# Problems completeing form 210 online



## amigababy (Jul 7, 2013)

Hi

we are non-resident and last year successfully filed our 210 returns online via aeat.es (now agenciatributaria.gob.es)

I'm trying to fill in and file this year's but each time I get to the bottom and click "validate and save" (and generate PDF) I get a message saying they cannot deal with my request at the moment, error 0115.
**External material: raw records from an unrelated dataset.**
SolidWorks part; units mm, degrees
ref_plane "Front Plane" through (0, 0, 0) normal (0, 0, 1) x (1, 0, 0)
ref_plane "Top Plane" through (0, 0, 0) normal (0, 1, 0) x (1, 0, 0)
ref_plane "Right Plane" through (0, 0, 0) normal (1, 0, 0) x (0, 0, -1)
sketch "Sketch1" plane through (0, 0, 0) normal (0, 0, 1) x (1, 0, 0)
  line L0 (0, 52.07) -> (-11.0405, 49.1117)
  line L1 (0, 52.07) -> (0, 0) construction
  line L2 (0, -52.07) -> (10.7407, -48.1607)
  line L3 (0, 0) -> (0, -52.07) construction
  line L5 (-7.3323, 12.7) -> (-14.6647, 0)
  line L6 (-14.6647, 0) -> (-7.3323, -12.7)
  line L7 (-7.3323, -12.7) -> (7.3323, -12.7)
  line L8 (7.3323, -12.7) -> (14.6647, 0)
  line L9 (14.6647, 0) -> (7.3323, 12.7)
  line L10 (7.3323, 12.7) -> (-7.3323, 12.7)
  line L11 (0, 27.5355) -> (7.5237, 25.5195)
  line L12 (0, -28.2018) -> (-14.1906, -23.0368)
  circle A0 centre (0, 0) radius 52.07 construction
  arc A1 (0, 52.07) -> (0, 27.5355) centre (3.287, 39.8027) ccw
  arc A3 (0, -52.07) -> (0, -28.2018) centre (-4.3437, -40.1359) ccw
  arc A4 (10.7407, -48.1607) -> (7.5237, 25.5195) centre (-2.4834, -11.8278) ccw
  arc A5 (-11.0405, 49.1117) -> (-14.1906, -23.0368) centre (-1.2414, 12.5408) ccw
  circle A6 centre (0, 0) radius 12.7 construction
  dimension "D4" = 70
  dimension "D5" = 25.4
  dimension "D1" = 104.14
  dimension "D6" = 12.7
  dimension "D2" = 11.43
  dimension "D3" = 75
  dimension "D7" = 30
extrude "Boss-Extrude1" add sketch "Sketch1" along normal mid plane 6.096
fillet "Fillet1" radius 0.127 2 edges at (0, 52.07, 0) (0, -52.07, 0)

Has anyone else had this problem, or successfully managed to upload their return. I'm getting fed up of completing the same form over and over again (tried with 2 different browsers too.)

thanks


----------



## kalohi (May 6, 2012)

I think it's because you have missed the deadline to file. It was July 1st.


----------



## amigababy (Jul 7, 2013)

No, it's fine - it was because I didn't have Java correctly installed on my PC. Once I did that, it completed and validated the form correctly.


----------



## Campesina (Dec 17, 2011)

Anyway, the deadline isn't July 1st it's the 31st December!


----------



## snikpoh (Nov 19, 2007)

Campesina said:


> Anyway, the deadline isn't July 1st it's the 31st December!


Correct. 

If you are getting some rent, then form 215 needs to be used and then filed quarterly.


----------



## Campesina (Dec 17, 2011)

No it doesn't. Since 2011 you use form 210 for actual rental income as well.


----------